(Items listed in a dataset)
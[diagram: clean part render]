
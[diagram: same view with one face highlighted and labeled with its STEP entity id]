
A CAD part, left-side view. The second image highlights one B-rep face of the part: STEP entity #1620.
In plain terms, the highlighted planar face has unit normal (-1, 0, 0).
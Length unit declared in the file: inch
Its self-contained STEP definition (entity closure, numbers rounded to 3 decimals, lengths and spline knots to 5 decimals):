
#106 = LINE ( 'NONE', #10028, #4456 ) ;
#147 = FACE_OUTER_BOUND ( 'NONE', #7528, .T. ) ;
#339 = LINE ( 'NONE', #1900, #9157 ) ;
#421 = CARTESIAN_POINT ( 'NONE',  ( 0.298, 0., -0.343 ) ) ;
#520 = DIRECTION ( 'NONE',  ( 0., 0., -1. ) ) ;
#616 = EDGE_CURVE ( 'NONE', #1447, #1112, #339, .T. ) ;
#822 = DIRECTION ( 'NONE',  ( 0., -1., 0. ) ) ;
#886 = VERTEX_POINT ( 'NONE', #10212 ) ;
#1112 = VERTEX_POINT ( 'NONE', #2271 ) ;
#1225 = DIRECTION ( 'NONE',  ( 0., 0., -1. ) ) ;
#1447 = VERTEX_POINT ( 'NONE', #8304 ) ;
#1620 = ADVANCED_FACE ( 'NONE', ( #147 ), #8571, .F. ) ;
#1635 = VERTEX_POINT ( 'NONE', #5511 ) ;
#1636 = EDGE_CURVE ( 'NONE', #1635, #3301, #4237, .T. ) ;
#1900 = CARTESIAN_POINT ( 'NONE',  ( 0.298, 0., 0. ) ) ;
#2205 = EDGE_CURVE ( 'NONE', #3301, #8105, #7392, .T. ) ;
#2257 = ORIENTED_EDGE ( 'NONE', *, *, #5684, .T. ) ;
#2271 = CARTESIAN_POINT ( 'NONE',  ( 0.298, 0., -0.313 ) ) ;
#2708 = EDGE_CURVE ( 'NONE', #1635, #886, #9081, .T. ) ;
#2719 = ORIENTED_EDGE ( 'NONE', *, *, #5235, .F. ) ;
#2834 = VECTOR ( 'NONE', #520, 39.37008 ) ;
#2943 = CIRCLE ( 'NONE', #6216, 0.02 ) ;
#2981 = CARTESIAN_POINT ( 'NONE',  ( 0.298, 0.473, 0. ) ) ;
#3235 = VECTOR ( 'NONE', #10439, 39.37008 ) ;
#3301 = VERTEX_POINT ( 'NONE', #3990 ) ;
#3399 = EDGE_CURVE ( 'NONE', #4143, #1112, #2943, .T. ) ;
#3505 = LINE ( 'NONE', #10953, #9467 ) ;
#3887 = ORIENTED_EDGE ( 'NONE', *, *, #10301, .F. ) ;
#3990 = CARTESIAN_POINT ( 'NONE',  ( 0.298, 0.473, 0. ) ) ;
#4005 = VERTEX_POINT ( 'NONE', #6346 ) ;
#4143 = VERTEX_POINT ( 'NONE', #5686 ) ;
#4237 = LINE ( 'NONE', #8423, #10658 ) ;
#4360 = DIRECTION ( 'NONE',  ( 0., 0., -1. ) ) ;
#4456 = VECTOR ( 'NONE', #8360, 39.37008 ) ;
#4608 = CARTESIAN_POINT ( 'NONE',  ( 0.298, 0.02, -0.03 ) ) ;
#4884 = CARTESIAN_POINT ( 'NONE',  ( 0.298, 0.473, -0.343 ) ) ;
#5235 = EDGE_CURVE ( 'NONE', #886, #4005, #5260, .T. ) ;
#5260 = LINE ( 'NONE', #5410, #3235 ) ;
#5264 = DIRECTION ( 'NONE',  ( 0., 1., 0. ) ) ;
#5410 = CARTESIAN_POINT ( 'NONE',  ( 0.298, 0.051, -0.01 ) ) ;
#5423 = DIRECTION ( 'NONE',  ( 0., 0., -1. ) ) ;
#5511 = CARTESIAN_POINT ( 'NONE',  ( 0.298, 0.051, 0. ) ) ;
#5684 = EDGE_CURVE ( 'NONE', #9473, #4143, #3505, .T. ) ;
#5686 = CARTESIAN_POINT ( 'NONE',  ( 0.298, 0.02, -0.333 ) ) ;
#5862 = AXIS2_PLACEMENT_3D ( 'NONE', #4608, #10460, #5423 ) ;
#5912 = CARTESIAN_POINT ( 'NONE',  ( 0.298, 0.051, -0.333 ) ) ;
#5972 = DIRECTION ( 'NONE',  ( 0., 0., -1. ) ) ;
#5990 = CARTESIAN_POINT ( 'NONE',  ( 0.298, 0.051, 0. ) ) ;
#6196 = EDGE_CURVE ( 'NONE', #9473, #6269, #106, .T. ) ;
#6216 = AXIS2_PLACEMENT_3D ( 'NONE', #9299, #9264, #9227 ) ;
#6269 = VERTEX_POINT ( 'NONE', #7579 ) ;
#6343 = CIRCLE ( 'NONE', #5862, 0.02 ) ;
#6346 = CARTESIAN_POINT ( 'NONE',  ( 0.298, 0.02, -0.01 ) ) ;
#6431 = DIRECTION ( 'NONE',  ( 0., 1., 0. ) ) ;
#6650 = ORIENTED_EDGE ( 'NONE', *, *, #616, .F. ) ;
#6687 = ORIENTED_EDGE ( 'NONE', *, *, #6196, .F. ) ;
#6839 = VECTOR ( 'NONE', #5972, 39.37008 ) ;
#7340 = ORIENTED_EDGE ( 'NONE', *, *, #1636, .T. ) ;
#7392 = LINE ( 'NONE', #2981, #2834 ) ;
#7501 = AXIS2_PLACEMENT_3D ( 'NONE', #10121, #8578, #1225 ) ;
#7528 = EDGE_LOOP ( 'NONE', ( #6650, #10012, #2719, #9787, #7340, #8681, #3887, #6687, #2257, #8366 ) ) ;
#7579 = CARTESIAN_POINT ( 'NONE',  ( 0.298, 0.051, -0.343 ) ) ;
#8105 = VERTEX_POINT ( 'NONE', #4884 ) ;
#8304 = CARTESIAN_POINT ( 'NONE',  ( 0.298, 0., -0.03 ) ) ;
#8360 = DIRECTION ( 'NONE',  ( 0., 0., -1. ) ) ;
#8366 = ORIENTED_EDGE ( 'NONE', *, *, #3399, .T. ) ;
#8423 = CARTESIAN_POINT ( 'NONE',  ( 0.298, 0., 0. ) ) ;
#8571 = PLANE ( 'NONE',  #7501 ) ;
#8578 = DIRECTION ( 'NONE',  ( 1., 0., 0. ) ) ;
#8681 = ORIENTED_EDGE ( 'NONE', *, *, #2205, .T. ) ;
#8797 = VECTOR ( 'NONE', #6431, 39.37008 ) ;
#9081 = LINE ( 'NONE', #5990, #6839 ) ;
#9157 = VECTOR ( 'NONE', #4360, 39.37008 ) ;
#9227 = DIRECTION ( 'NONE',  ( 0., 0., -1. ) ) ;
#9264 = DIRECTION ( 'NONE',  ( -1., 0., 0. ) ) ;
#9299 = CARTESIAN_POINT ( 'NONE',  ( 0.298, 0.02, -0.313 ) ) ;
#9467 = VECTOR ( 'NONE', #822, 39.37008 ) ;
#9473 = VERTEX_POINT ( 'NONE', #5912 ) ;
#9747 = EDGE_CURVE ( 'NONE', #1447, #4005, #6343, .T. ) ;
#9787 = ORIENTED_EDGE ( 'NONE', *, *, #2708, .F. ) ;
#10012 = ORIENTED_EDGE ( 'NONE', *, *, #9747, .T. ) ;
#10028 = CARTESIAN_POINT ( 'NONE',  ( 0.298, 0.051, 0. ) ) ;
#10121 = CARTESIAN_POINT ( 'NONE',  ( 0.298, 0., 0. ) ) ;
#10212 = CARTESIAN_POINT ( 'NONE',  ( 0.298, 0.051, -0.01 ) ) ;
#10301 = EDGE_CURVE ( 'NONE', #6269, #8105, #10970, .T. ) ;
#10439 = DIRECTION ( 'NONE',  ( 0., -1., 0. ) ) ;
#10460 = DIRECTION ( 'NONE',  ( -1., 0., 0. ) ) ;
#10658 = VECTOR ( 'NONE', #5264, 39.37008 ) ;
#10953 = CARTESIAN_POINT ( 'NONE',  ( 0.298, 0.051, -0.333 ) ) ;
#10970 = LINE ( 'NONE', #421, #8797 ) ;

▸ Exercise brief: Print exactly the lines above from the one with "#3399 = EDGE_CURVE" to the one with "#4884 = CARTESIAN_POINT", including both.

▸ Answer space:
#3399 = EDGE_CURVE ( 'NONE', #4143, #1112, #2943, .T. ) ;
#3505 = LINE ( 'NONE', #10953, #9467 ) ;
#3887 = ORIENTED_EDGE ( 'NONE', *, *, #10301, .F. ) ;
#3990 = CARTESIAN_POINT ( 'NONE',  ( 0.298, 0.473, 0. ) ) ;
#4005 = VERTEX_POINT ( 'NONE', #6346 ) ;
#4143 = VERTEX_POINT ( 'NONE', #5686 ) ;
#4237 = LINE ( 'NONE', #8423, #10658 ) ;
#4360 = DIRECTION ( 'NONE',  ( 0., 0., -1. ) ) ;
#4456 = VECTOR ( 'NONE', #8360, 39.37008 ) ;
#4608 = CARTESIAN_POINT ( 'NONE',  ( 0.298, 0.02, -0.03 ) ) ;
#4884 = CARTESIAN_POINT ( 'NONE',  ( 0.298, 0.473, -0.343 ) ) ;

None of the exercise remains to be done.